TASK TO CARRY OUT
Every line below between the one holding "#60=DIRECTION('',(0.,-1.,0.));" and the one holding "#67=LINE('',#66,#65);", inclusive, should be copied exactly, and no other line.

[Opening LISTED RECORDS section]

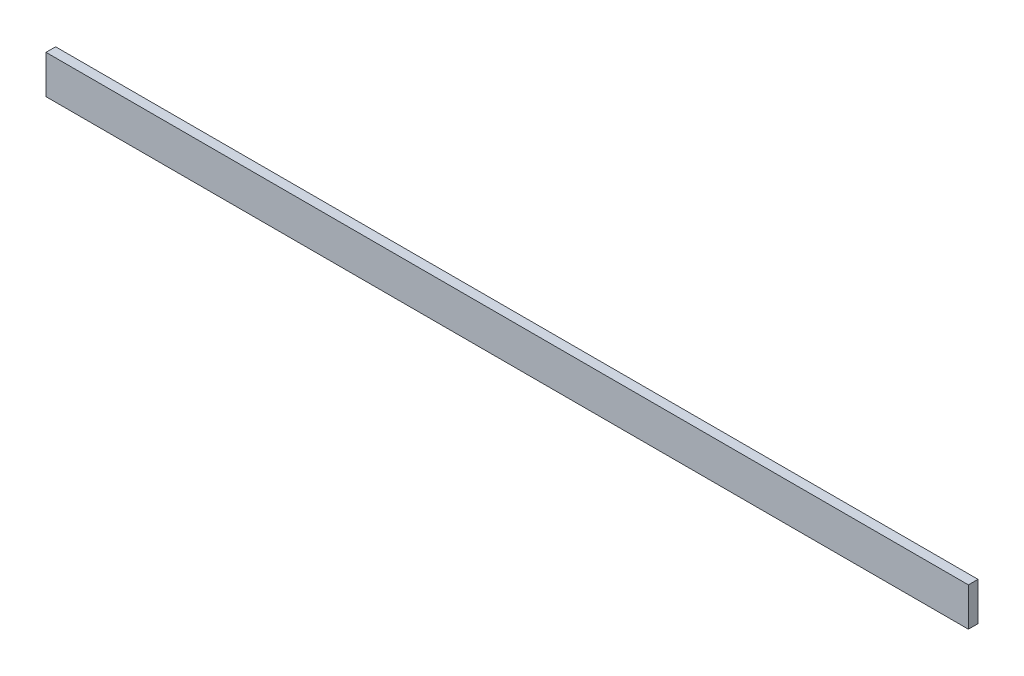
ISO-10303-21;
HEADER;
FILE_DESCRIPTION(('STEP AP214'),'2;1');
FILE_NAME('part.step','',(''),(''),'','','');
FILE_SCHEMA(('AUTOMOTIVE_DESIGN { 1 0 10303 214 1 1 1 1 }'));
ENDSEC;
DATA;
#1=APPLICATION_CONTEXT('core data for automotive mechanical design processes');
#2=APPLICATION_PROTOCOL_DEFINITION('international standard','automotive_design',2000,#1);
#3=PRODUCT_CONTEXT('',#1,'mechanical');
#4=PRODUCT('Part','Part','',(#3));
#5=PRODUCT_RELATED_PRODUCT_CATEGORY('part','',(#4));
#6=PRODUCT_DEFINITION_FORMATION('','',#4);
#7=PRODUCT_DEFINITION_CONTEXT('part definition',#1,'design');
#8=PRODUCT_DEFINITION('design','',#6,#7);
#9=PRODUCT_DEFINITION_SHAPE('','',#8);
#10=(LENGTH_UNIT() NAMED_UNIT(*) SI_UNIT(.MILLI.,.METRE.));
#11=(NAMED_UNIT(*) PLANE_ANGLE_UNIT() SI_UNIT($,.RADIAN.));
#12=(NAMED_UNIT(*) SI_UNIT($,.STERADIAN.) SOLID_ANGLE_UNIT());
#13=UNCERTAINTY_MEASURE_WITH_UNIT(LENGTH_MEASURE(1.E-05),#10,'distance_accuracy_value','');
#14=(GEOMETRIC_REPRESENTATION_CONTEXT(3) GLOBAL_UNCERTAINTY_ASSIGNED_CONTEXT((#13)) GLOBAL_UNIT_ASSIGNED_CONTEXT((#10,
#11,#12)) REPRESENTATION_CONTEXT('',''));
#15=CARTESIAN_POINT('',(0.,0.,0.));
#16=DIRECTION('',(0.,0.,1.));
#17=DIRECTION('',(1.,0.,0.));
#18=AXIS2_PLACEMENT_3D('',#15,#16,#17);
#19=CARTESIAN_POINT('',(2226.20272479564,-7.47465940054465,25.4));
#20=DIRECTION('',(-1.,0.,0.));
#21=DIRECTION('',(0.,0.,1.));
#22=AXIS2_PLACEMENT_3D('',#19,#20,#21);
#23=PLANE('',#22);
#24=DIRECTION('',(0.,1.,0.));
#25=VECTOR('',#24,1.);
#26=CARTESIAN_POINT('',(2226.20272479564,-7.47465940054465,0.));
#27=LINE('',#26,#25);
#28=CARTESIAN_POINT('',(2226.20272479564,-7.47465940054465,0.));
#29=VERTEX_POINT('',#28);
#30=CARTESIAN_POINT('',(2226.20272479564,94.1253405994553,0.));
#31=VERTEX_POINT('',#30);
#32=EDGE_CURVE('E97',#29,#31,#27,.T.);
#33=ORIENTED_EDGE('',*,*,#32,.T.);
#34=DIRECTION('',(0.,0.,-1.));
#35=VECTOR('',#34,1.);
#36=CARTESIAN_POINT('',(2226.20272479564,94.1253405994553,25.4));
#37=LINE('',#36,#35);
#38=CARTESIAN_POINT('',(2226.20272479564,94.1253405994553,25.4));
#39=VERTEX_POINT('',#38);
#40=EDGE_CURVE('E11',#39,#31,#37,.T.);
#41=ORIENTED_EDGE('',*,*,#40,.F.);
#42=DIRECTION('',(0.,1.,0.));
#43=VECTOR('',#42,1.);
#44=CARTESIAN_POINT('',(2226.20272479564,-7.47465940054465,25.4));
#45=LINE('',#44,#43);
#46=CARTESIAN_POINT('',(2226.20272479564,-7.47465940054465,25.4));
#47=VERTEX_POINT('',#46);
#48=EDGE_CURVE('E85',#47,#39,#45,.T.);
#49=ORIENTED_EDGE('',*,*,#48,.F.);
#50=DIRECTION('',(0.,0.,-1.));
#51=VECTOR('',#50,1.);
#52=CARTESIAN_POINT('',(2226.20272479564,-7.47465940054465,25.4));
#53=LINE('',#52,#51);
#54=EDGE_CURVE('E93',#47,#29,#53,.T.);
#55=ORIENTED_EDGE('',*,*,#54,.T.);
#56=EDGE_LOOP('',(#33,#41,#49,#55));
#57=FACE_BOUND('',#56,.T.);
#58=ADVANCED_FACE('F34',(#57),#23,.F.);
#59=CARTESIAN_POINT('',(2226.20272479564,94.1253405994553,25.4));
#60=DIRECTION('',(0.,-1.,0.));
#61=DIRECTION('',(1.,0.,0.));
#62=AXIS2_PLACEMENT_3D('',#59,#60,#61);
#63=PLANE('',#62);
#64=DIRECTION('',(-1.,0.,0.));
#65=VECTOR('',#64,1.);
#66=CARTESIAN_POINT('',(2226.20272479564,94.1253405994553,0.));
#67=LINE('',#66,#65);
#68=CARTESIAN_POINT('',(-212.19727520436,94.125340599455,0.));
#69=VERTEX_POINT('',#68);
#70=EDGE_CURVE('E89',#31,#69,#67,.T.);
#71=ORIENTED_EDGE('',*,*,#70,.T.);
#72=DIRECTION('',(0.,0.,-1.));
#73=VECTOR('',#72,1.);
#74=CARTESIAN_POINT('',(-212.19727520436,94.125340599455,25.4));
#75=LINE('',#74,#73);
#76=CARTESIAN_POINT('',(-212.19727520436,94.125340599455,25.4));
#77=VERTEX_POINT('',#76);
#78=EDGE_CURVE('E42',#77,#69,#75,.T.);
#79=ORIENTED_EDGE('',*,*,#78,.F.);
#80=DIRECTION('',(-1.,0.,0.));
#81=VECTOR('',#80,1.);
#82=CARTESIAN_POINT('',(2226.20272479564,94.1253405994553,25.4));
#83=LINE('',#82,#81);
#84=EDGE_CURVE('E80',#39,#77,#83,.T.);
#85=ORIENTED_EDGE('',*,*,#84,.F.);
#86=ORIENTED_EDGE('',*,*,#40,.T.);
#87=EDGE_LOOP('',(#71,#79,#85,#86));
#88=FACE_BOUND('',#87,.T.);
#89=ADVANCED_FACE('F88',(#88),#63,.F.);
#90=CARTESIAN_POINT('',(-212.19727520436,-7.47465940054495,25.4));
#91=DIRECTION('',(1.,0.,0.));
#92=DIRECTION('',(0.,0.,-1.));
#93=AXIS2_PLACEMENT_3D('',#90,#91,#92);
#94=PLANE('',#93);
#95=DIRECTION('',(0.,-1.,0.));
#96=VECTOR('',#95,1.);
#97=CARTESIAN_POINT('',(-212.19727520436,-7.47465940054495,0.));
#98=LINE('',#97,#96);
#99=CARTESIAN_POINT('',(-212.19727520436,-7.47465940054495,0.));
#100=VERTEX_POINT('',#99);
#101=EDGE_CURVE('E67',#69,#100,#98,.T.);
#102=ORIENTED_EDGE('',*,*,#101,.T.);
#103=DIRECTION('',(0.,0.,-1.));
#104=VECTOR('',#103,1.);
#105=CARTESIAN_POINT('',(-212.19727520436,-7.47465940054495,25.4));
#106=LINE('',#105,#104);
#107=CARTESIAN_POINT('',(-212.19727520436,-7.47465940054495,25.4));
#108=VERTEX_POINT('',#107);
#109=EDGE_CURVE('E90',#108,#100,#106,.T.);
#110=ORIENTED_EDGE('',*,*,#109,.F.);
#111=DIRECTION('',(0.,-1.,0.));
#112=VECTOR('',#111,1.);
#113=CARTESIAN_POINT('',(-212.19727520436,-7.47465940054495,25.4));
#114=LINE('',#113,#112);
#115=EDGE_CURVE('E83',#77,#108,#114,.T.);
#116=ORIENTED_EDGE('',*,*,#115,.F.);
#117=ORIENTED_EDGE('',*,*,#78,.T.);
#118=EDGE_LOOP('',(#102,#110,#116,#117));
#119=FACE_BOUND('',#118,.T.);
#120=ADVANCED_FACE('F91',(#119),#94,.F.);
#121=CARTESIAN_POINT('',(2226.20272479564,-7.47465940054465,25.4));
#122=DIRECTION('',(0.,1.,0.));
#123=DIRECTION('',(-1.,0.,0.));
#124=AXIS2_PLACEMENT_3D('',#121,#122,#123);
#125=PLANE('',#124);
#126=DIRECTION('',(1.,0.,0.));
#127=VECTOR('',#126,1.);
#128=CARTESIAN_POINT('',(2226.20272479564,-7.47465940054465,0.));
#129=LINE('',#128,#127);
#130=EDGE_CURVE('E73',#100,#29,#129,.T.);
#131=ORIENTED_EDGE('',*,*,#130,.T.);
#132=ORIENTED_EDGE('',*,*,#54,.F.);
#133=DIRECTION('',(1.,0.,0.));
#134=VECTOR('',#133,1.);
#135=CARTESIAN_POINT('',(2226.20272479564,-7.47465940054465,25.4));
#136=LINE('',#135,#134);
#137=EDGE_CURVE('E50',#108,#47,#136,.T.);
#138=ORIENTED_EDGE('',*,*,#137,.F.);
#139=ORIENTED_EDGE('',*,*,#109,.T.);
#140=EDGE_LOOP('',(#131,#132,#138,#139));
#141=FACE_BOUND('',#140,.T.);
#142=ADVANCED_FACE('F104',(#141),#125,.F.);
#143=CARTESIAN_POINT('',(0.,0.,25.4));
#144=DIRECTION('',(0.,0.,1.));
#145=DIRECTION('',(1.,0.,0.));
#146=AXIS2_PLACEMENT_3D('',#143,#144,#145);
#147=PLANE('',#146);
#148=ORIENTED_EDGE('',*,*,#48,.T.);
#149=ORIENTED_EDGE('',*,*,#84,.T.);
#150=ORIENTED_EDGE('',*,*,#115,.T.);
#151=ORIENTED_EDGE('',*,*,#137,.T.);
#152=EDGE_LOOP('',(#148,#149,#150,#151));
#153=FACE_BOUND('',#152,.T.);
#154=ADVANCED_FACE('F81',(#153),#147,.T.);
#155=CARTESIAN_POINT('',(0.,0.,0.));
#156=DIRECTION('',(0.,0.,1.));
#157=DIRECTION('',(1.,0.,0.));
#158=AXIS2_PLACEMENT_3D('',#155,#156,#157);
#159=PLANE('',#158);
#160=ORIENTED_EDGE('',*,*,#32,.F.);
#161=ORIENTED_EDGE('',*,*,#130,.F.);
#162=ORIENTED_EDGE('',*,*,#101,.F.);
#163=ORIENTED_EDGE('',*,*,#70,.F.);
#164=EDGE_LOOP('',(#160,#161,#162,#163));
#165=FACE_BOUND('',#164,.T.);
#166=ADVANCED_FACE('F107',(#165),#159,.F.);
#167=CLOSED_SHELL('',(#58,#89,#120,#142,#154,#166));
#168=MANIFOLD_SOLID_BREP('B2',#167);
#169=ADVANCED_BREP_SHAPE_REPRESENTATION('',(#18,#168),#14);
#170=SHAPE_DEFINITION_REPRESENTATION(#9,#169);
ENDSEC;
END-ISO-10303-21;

[Closing LISTED RECORDS section]

RESPONSE
#60=DIRECTION('',(0.,-1.,0.));
#61=DIRECTION('',(1.,0.,0.));
#62=AXIS2_PLACEMENT_3D('',#59,#60,#61);
#63=PLANE('',#62);
#64=DIRECTION('',(-1.,0.,0.));
#65=VECTOR('',#64,1.);
#66=CARTESIAN_POINT('',(2226.20272479564,94.1253405994553,0.));
#67=LINE('',#66,#65);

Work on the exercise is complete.